A statistics professor plans classes so carefully that the lengths of her classes are uniformly distributed between 50.0 and 55.0 minutes. Find the probability that a given class period runs between 51.5 and 51.75 minutes. Find the probability of selecting a class that runs between 51.5 and 51.75 minutes. \( \square \) (Round to three decimal places as needed.)
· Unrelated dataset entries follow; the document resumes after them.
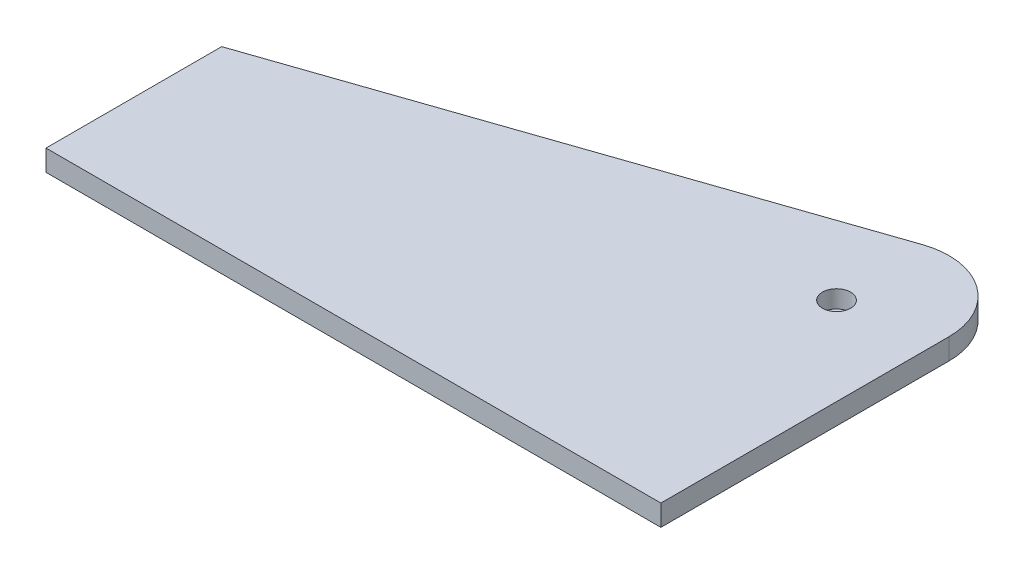
ISO-10303-21;
HEADER;
FILE_DESCRIPTION(('STEP AP214'),'2;1');
FILE_NAME('part.step','',(''),(''),'','','');
FILE_SCHEMA(('AUTOMOTIVE_DESIGN { 1 0 10303 214 1 1 1 1 }'));
ENDSEC;
DATA;
#1=APPLICATION_CONTEXT('core data for automotive mechanical design processes');
#2=APPLICATION_PROTOCOL_DEFINITION('international standard','automotive_design',2000,#1);
#3=PRODUCT_CONTEXT('',#1,'mechanical');
#4=PRODUCT('Part','Part','',(#3));
#5=PRODUCT_RELATED_PRODUCT_CATEGORY('part','',(#4));
#6=PRODUCT_DEFINITION_FORMATION('','',#4);
#7=PRODUCT_DEFINITION_CONTEXT('part definition',#1,'design');
#8=PRODUCT_DEFINITION('design','',#6,#7);
#9=PRODUCT_DEFINITION_SHAPE('','',#8);
#10=(LENGTH_UNIT() NAMED_UNIT(*) SI_UNIT(.MILLI.,.METRE.));
#11=(NAMED_UNIT(*) PLANE_ANGLE_UNIT() SI_UNIT($,.RADIAN.));
#12=(NAMED_UNIT(*) SI_UNIT($,.STERADIAN.) SOLID_ANGLE_UNIT());
#13=UNCERTAINTY_MEASURE_WITH_UNIT(LENGTH_MEASURE(1.E-05),#10,'distance_accuracy_value','');
#14=(GEOMETRIC_REPRESENTATION_CONTEXT(3) GLOBAL_UNCERTAINTY_ASSIGNED_CONTEXT((#13)) GLOBAL_UNIT_ASSIGNED_CONTEXT((#10,
#11,#12)) REPRESENTATION_CONTEXT('',''));
#15=CARTESIAN_POINT('',(0.,0.,0.));
#16=DIRECTION('',(0.,0.,1.));
#17=DIRECTION('',(1.,0.,0.));
#18=AXIS2_PLACEMENT_3D('',#15,#16,#17);
#19=CARTESIAN_POINT('',(87.5,6.,0.));
#20=DIRECTION('',(-1.,0.,0.));
#21=DIRECTION('',(0.,0.,1.));
#22=AXIS2_PLACEMENT_3D('',#19,#20,#21);
#23=PLANE('',#22);
#24=DIRECTION('',(0.,0.,-1.));
#25=VECTOR('',#24,1.);
#26=CARTESIAN_POINT('',(87.5,0.,0.));
#27=LINE('',#26,#25);
#28=CARTESIAN_POINT('',(87.5,0.,50.));
#29=VERTEX_POINT('',#28);
#30=CARTESIAN_POINT('',(87.5,0.,-32.0052135660813));
#31=VERTEX_POINT('',#30);
#32=EDGE_CURVE('E121',#29,#31,#27,.T.);
#33=ORIENTED_EDGE('',*,*,#32,.T.);
#34=DIRECTION('',(0.,-1.,0.));
#35=VECTOR('',#34,1.);
#36=CARTESIAN_POINT('',(87.5,6.,-32.0052135660813));
#37=LINE('',#36,#35);
#38=CARTESIAN_POINT('',(87.5,6.,-32.0052135660813));
#39=VERTEX_POINT('',#38);
#40=EDGE_CURVE('E50',#31,#39,#37,.F.);
#41=ORIENTED_EDGE('',*,*,#40,.T.);
#42=DIRECTION('',(0.,0.,-1.));
#43=VECTOR('',#42,1.);
#44=CARTESIAN_POINT('',(87.5,6.,0.));
#45=LINE('',#44,#43);
#46=CARTESIAN_POINT('',(87.5,6.,50.));
#47=VERTEX_POINT('',#46);
#48=EDGE_CURVE('E98',#47,#39,#45,.T.);
#49=ORIENTED_EDGE('',*,*,#48,.F.);
#50=DIRECTION('',(0.,-1.,0.));
#51=VECTOR('',#50,1.);
#52=CARTESIAN_POINT('',(87.5,6.,50.));
#53=LINE('',#52,#51);
#54=EDGE_CURVE('E117',#47,#29,#53,.T.);
#55=ORIENTED_EDGE('',*,*,#54,.T.);
#56=EDGE_LOOP('',(#33,#41,#49,#55));
#57=FACE_BOUND('',#56,.T.);
#58=ADVANCED_FACE('F41',(#57),#23,.F.);
#59=CARTESIAN_POINT('',(-87.5,6.,0.));
#60=DIRECTION('',(0.324354038365677,0.,0.945935757753071));
#61=DIRECTION('',(0.945935757753071,0.,-0.324354038365677));
#62=AXIS2_PLACEMENT_3D('',#59,#60,#61);
#63=PLANE('',#62);
#64=DIRECTION('',(-0.945935757753071,0.,0.324354038365677));
#65=VECTOR('',#64,1.);
#66=CARTESIAN_POINT('',(-87.5,6.,0.));
#67=LINE('',#66,#65);
#68=CARTESIAN_POINT('',(61.0129192326865,6.,-50.9239287211428));
#69=VERTEX_POINT('',#68);
#70=CARTESIAN_POINT('',(-87.5,6.,0.));
#71=VERTEX_POINT('',#70);
#72=EDGE_CURVE('E87',#69,#71,#67,.T.);
#73=ORIENTED_EDGE('',*,*,#72,.F.);
#74=DIRECTION('',(0.,-1.,0.));
#75=VECTOR('',#74,1.);
#76=CARTESIAN_POINT('',(61.0129192326865,6.,-50.9239287211428));
#77=LINE('',#76,#75);
#78=CARTESIAN_POINT('',(61.0129192326865,0.,-50.9239287211428));
#79=VERTEX_POINT('',#78);
#80=EDGE_CURVE('E107',#69,#79,#77,.T.);
#81=ORIENTED_EDGE('',*,*,#80,.T.);
#82=DIRECTION('',(-0.945935757753071,0.,0.324354038365677));
#83=VECTOR('',#82,1.);
#84=CARTESIAN_POINT('',(-87.5,0.,0.));
#85=LINE('',#84,#83);
#86=CARTESIAN_POINT('',(-87.5,0.,0.));
#87=VERTEX_POINT('',#86);
#88=EDGE_CURVE('E103',#79,#87,#85,.T.);
#89=ORIENTED_EDGE('',*,*,#88,.T.);
#90=DIRECTION('',(0.,-1.,0.));
#91=VECTOR('',#90,1.);
#92=CARTESIAN_POINT('',(-87.5,6.,0.));
#93=LINE('',#92,#91);
#94=EDGE_CURVE('E101',#71,#87,#93,.T.);
#95=ORIENTED_EDGE('',*,*,#94,.F.);
#96=EDGE_LOOP('',(#73,#81,#89,#95));
#97=FACE_BOUND('',#96,.T.);
#98=ADVANCED_FACE('F102',(#97),#63,.F.);
#99=CARTESIAN_POINT('',(-87.5,6.,50.));
#100=DIRECTION('',(1.,0.,0.));
#101=DIRECTION('',(0.,0.,-1.));
#102=AXIS2_PLACEMENT_3D('',#99,#100,#101);
#103=PLANE('',#102);
#104=DIRECTION('',(0.,0.,1.));
#105=VECTOR('',#104,1.);
#106=CARTESIAN_POINT('',(-87.5,0.,50.));
#107=LINE('',#106,#105);
#108=CARTESIAN_POINT('',(-87.5,0.,50.));
#109=VERTEX_POINT('',#108);
#110=EDGE_CURVE('E127',#87,#109,#107,.T.);
#111=ORIENTED_EDGE('',*,*,#110,.T.);
#112=DIRECTION('',(0.,-1.,0.));
#113=VECTOR('',#112,1.);
#114=CARTESIAN_POINT('',(-87.5,6.,50.));
#115=LINE('',#114,#113);
#116=CARTESIAN_POINT('',(-87.5,6.,50.));
#117=VERTEX_POINT('',#116);
#118=EDGE_CURVE('E108',#117,#109,#115,.T.);
#119=ORIENTED_EDGE('',*,*,#118,.F.);
#120=DIRECTION('',(0.,0.,1.));
#121=VECTOR('',#120,1.);
#122=CARTESIAN_POINT('',(-87.5,6.,50.));
#123=LINE('',#122,#121);
#124=EDGE_CURVE('E91',#71,#117,#123,.T.);
#125=ORIENTED_EDGE('',*,*,#124,.F.);
#126=ORIENTED_EDGE('',*,*,#94,.T.);
#127=EDGE_LOOP('',(#111,#119,#125,#126));
#128=FACE_BOUND('',#127,.T.);
#129=ADVANCED_FACE('F110',(#128),#103,.F.);
#130=CARTESIAN_POINT('',(-87.5,6.,50.));
#131=DIRECTION('',(0.,0.,-1.));
#132=DIRECTION('',(-1.,0.,0.));
#133=AXIS2_PLACEMENT_3D('',#130,#131,#132);
#134=PLANE('',#133);
#135=DIRECTION('',(1.,0.,0.));
#136=VECTOR('',#135,1.);
#137=CARTESIAN_POINT('',(-87.5,0.,50.));
#138=LINE('',#137,#136);
#139=EDGE_CURVE('E130',#109,#29,#138,.T.);
#140=ORIENTED_EDGE('',*,*,#139,.T.);
#141=ORIENTED_EDGE('',*,*,#54,.F.);
#142=DIRECTION('',(1.,0.,0.));
#143=VECTOR('',#142,1.);
#144=CARTESIAN_POINT('',(-87.5,6.,50.));
#145=LINE('',#144,#143);
#146=EDGE_CURVE('E114',#117,#47,#145,.T.);
#147=ORIENTED_EDGE('',*,*,#146,.F.);
#148=ORIENTED_EDGE('',*,*,#118,.T.);
#149=EDGE_LOOP('',(#140,#141,#147,#148));
#150=FACE_BOUND('',#149,.T.);
#151=ADVANCED_FACE('F147',(#150),#134,.F.);
#152=CARTESIAN_POINT('',(0.,6.,0.));
#153=DIRECTION('',(0.,1.,0.));
#154=DIRECTION('',(0.,0.,1.));
#155=AXIS2_PLACEMENT_3D('',#152,#153,#154);
#156=PLANE('',#155);
#157=CARTESIAN_POINT('',(62.5,6.,-25.));
#158=DIRECTION('',(0.,1.,0.));
#159=DIRECTION('',(0.,0.,1.));
#160=AXIS2_PLACEMENT_3D('',#157,#158,#159);
#161=CIRCLE('',#160,4.00000000000001);
#162=CARTESIAN_POINT('',(62.5,6.,-21.));
#163=VERTEX_POINT('',#162);
#164=EDGE_CURVE('E180',#163,#163,#161,.T.);
#165=ORIENTED_EDGE('',*,*,#164,.F.);
#166=EDGE_LOOP('',(#165));
#167=FACE_BOUND('',#166,.T.);
#168=ORIENTED_EDGE('',*,*,#48,.T.);
#169=CARTESIAN_POINT('',(67.5,6.,-32.0052135660813));
#170=DIRECTION('',(0.,1.,0.));
#171=DIRECTION('',(0.,0.,1.));
#172=AXIS2_PLACEMENT_3D('',#169,#170,#171);
#173=CIRCLE('',#172,20.);
#174=EDGE_CURVE('E11',#39,#69,#173,.T.);
#175=ORIENTED_EDGE('',*,*,#174,.T.);
#176=ORIENTED_EDGE('',*,*,#72,.T.);
#177=ORIENTED_EDGE('',*,*,#124,.T.);
#178=ORIENTED_EDGE('',*,*,#146,.T.);
#179=EDGE_LOOP('',(#168,#175,#176,#177,#178));
#180=FACE_BOUND('',#179,.T.);
#181=ADVANCED_FACE('F89',(#167,#180),#156,.T.);
#182=CARTESIAN_POINT('',(0.,0.,0.));
#183=DIRECTION('',(0.,1.,0.));
#184=DIRECTION('',(0.,0.,1.));
#185=AXIS2_PLACEMENT_3D('',#182,#183,#184);
#186=PLANE('',#185);
#187=ORIENTED_EDGE('',*,*,#88,.F.);
#188=CARTESIAN_POINT('',(67.5,0.,-32.0052135660813));
#189=DIRECTION('',(0.,1.,0.));
#190=DIRECTION('',(0.,0.,1.));
#191=AXIS2_PLACEMENT_3D('',#188,#189,#190);
#192=CIRCLE('',#191,20.);
#193=EDGE_CURVE('E64',#79,#31,#192,.F.);
#194=ORIENTED_EDGE('',*,*,#193,.T.);
#195=ORIENTED_EDGE('',*,*,#32,.F.);
#196=ORIENTED_EDGE('',*,*,#139,.F.);
#197=ORIENTED_EDGE('',*,*,#110,.F.);
#198=EDGE_LOOP('',(#187,#194,#195,#196,#197));
#199=FACE_BOUND('',#198,.T.);
#200=ADVANCED_FACE('F144',(#199),#186,.F.);
#201=CARTESIAN_POINT('',(67.5,6.,-32.0052135660813));
#202=DIRECTION('',(0.,-1.,0.));
#203=DIRECTION('',(0.,0.,-1.));
#204=AXIS2_PLACEMENT_3D('',#201,#202,#203);
#205=CYLINDRICAL_SURFACE('',#204,20.);
#206=ORIENTED_EDGE('',*,*,#174,.F.);
#207=ORIENTED_EDGE('',*,*,#40,.F.);
#208=ORIENTED_EDGE('',*,*,#193,.F.);
#209=ORIENTED_EDGE('',*,*,#80,.F.);
#210=EDGE_LOOP('',(#206,#207,#208,#209));
#211=FACE_BOUND('',#210,.T.);
#212=ADVANCED_FACE('F43',(#211),#205,.T.);
#213=CARTESIAN_POINT('',(62.5,1.,-25.));
#214=DIRECTION('',(0.,1.,0.));
#215=DIRECTION('',(0.,0.,1.));
#216=AXIS2_PLACEMENT_3D('',#213,#214,#215);
#217=CYLINDRICAL_SURFACE('',#216,4.00000000000001);
#218=CARTESIAN_POINT('',(62.5,1.,-25.));
#219=DIRECTION('',(0.,1.,0.));
#220=DIRECTION('',(0.,0.,1.));
#221=AXIS2_PLACEMENT_3D('',#218,#219,#220);
#222=CIRCLE('',#221,4.00000000000001);
#223=CARTESIAN_POINT('',(62.5,1.,-21.));
#224=VERTEX_POINT('',#223);
#225=EDGE_CURVE('E124',#224,#224,#222,.T.);
#226=ORIENTED_EDGE('',*,*,#225,.F.);
#227=EDGE_LOOP('',(#226));
#228=FACE_BOUND('',#227,.T.);
#229=ORIENTED_EDGE('',*,*,#164,.T.);
#230=EDGE_LOOP('',(#229));
#231=FACE_BOUND('',#230,.T.);
#232=ADVANCED_FACE('F151',(#228,#231),#217,.F.);
#233=CARTESIAN_POINT('',(62.5,1.,-25.));
#234=DIRECTION('',(0.,1.,0.));
#235=DIRECTION('',(0.,0.,1.));
#236=AXIS2_PLACEMENT_3D('',#233,#234,#235);
#237=PLANE('',#236);
#238=ORIENTED_EDGE('',*,*,#225,.T.);
#239=EDGE_LOOP('',(#238));
#240=FACE_BOUND('',#239,.T.);
#241=ADVANCED_FACE('F156',(#240),#237,.T.);
#242=CLOSED_SHELL('',(#58,#98,#129,#151,#181,#200,#212,#232,#241));
#243=MANIFOLD_SOLID_BREP('B2',#242);
#244=ADVANCED_BREP_SHAPE_REPRESENTATION('',(#18,#243),#14);
#245=SHAPE_DEFINITION_REPRESENTATION(#9,#244);
ENDSEC;
END-ISO-10303-21;

To find the probability that a given class period runs between 51.5 and 51.75 minutes when the lengths are uniformly distributed between 50.0 and 55.0 minutes, we can use the formula for the probability of a uniform distribution: \[ P(a \leq X \leq b) = \frac{b - a}{d - c} \] where \( [c, d] \) is the range of the distribution, and \( [a, b] \) is the range for which we want to find the probability. In this case, \( c = 50.0 \), \( d = 55.0 \), \( a = 51.5 \), and \( b = 51.75 \). Plugging in the values: \[ P(51.5 \leq X \leq 51.75) = \frac{51.75 - 51.5}{55.0 - 50.0} \] \[ P(51.5 \leq X \leq 51.75) = \frac{0.25}{5.0} = 0.05 \] So, the probability that a class lasts between 51.5 and 51.75 minutes is \( \boxed{0.050} \) (rounded to three decimal places).